By Dr Myint Zan
In the early afternoon of 8 November 2016 in Yangon, the results of the 2016 United States presidential election became available through radio and television broadcasts. The then 12 or 13-year-old Myanmar girl a former neighbour in Yangon learned about it at an international school. From what her mother told me, she forbore her tears and her composure until she arrived back home from school. And then she cried inconsolably and non-stop for about two hours.
If Trump’s election in 2016 triggered a sense of sorrow and such an emotional response in a 12-year-old youngster in far away Myanmar one can imagine the sense of despair felt at least by a significant minority of approximately 65 million Americans who voted against Trump in 2016 and perhaps (as one writes on 4 November 2020) in 2020 as well.
If one tries to hit the ground with one’s hand, one will surely hit it, goes a Burmese saying. Likewise, especially even if Trump loses both the electoral and popular vote, he and his cohorts will certainly use every ‘legal’ (or barely legal) and political trick, shenanigans, underhanded, evil methods by hook or by crook (a crook that he is) to continue to stay in office.
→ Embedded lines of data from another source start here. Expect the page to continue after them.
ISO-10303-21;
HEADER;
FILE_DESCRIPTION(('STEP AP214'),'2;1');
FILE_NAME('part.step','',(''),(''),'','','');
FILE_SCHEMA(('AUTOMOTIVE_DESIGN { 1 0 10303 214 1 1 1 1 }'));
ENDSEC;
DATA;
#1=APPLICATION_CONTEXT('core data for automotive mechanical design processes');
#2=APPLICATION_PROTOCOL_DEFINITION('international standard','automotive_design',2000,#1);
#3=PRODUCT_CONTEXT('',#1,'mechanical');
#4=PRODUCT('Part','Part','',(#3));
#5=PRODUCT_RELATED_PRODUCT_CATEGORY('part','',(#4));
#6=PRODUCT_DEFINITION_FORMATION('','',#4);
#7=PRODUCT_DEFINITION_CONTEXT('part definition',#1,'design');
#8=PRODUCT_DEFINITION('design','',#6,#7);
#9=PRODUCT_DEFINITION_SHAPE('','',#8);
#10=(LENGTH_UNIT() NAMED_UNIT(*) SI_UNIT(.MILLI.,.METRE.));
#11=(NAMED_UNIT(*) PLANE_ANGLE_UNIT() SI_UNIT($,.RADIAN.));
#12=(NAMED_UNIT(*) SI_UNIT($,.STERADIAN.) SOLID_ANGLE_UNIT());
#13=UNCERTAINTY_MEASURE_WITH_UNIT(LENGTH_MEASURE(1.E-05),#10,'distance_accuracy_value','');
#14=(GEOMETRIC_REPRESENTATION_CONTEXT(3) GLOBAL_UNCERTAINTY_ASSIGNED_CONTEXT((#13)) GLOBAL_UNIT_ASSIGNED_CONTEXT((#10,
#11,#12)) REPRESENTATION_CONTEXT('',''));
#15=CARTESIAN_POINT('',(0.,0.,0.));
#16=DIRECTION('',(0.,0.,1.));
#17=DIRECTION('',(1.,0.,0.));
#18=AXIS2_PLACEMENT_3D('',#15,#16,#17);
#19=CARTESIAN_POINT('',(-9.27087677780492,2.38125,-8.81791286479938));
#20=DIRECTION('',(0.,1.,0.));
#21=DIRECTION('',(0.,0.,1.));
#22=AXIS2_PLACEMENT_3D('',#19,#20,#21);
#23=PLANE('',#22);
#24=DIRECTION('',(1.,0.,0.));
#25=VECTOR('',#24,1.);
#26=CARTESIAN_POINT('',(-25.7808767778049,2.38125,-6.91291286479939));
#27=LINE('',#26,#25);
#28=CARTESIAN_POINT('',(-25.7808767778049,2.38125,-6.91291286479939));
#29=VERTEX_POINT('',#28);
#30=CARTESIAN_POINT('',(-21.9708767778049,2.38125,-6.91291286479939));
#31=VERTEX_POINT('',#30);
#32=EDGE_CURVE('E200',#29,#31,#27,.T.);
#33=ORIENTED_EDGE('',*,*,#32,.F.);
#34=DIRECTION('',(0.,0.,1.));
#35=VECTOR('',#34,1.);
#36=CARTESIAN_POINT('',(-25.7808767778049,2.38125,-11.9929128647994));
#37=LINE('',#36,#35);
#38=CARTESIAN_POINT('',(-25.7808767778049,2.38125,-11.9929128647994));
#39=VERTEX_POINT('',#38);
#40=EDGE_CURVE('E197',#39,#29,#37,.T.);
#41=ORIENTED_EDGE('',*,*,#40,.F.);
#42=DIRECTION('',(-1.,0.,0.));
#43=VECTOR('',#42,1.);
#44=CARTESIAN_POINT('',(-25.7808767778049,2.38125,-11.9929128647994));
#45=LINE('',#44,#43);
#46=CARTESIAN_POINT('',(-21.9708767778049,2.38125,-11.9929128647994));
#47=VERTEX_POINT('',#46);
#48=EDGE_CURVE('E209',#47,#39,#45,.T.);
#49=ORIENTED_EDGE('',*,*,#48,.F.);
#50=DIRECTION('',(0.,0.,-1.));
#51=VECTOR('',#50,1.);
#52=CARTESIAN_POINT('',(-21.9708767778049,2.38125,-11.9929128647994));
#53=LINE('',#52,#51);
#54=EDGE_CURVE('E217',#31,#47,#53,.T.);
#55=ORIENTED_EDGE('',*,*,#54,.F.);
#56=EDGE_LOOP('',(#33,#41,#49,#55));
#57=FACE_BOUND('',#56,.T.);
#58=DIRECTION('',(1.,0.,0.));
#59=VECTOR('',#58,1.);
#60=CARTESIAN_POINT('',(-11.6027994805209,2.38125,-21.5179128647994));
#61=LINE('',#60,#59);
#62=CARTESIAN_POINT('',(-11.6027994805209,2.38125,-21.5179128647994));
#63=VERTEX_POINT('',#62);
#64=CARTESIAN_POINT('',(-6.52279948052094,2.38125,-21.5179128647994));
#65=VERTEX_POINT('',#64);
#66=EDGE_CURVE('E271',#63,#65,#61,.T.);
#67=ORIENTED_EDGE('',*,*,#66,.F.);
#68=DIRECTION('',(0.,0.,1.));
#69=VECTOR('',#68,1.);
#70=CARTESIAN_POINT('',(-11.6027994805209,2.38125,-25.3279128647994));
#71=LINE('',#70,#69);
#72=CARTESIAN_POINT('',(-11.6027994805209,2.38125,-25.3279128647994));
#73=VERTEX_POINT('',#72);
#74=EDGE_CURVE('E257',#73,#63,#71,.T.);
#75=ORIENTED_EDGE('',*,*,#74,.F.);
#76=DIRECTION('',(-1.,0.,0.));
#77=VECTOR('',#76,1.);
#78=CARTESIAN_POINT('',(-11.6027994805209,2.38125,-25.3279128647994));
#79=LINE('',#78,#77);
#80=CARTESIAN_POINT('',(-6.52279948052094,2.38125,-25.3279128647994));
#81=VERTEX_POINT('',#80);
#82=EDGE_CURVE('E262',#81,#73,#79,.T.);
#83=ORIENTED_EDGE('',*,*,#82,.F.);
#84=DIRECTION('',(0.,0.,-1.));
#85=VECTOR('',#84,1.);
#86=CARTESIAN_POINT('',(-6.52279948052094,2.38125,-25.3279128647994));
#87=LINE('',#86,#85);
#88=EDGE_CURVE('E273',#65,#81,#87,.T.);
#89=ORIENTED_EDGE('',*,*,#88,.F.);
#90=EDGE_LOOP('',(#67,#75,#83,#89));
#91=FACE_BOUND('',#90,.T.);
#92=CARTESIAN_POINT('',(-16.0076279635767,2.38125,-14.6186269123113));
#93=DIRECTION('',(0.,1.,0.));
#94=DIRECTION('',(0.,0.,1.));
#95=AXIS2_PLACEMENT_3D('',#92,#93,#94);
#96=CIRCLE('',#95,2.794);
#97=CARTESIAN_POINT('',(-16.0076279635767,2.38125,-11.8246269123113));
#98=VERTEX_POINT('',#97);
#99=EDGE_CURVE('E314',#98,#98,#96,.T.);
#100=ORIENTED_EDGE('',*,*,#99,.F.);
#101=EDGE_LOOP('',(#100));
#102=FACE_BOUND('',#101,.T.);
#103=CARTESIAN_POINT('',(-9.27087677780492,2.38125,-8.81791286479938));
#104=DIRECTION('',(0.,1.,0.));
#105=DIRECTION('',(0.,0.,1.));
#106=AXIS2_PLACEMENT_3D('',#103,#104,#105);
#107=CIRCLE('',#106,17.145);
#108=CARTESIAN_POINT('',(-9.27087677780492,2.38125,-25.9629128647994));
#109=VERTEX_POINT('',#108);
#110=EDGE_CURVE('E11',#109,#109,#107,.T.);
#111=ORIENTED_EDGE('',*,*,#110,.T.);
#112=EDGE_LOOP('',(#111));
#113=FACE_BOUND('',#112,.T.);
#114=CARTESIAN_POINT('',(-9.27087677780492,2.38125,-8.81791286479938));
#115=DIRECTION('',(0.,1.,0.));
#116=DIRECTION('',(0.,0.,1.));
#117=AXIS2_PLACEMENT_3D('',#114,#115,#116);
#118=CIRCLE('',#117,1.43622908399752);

If the litigation regarding the results of the election were to reach the US Supreme Court, it is ‘as sure as one’s hand hitting the ground’ that at a minimum the (In)Justices Thomas, Alito, Gorsuch, Kavanaugh and Barett the most-right wing Court in decades they WILL side with Trump whatever the legal and political issues that could emerge in the hypothetical (but not unlikely as of 4 November 2020) scenario.
The late President Gerald R. Ford’s stated in a speech as a newly sworn-in President on 9 August 1974 (after the late President Richard Nixon resigned as a result of the Watergate’ affair’) stated that ‘our long national nightmare is over’.
But even if (IF) Trump were to leave the office at the end of his first term to us (I would use the words unabashedly) liberals and progressives the long national (and international for those of us non-Americans concerned for the welfare of fellow world citizens) nightmare would not be quite over.
A Spinozist Attempt at ‘Solace’
Now, what philosophical solace can be obtained especially if Trump (somehow or the other) continued in office as it is not unlikely (now)?
Arguably, the writings of Spinoza (24 November 1632-21 February 1677), the 17th-century Dutch philosopher, just might (not?) give some solace.
Spinoza categorized two ways or modes of viewing the world or the human condition, using the Latin phrases sub specie durationis (viewing it from the viewpoint of duration, temporality) and sub specie aeternitatis (viewing it from the viewpoint of eternity). Not elaborating on what ‘eternity’ means, in the context of Spinoza’s philosophy this writer’s humble take would be that a certain mode of thinking and cognition is necessary for people to overcome or transcend the almost overwhelming tendency of viewing things only from the perspective of duration, time or more appropriately temporality. For the purpose of this article and limited space here this elaboration from philosopher Thomas Nagel (born 4 July 1937) may suffice.
QUOTE
… humans have the special capacity to step back and survey themselves and the lives to which they are committed… Without developing the illusion that they are able to escape from their highly specific and idiosyncratic position, they can view it sub specie aeternitatis — and the view is at once sobering and comical.
UNQUOTE
From T. Nagel’ The Absurd’ (1971) 68 (2) Journal of Philosophy, pp.716-27.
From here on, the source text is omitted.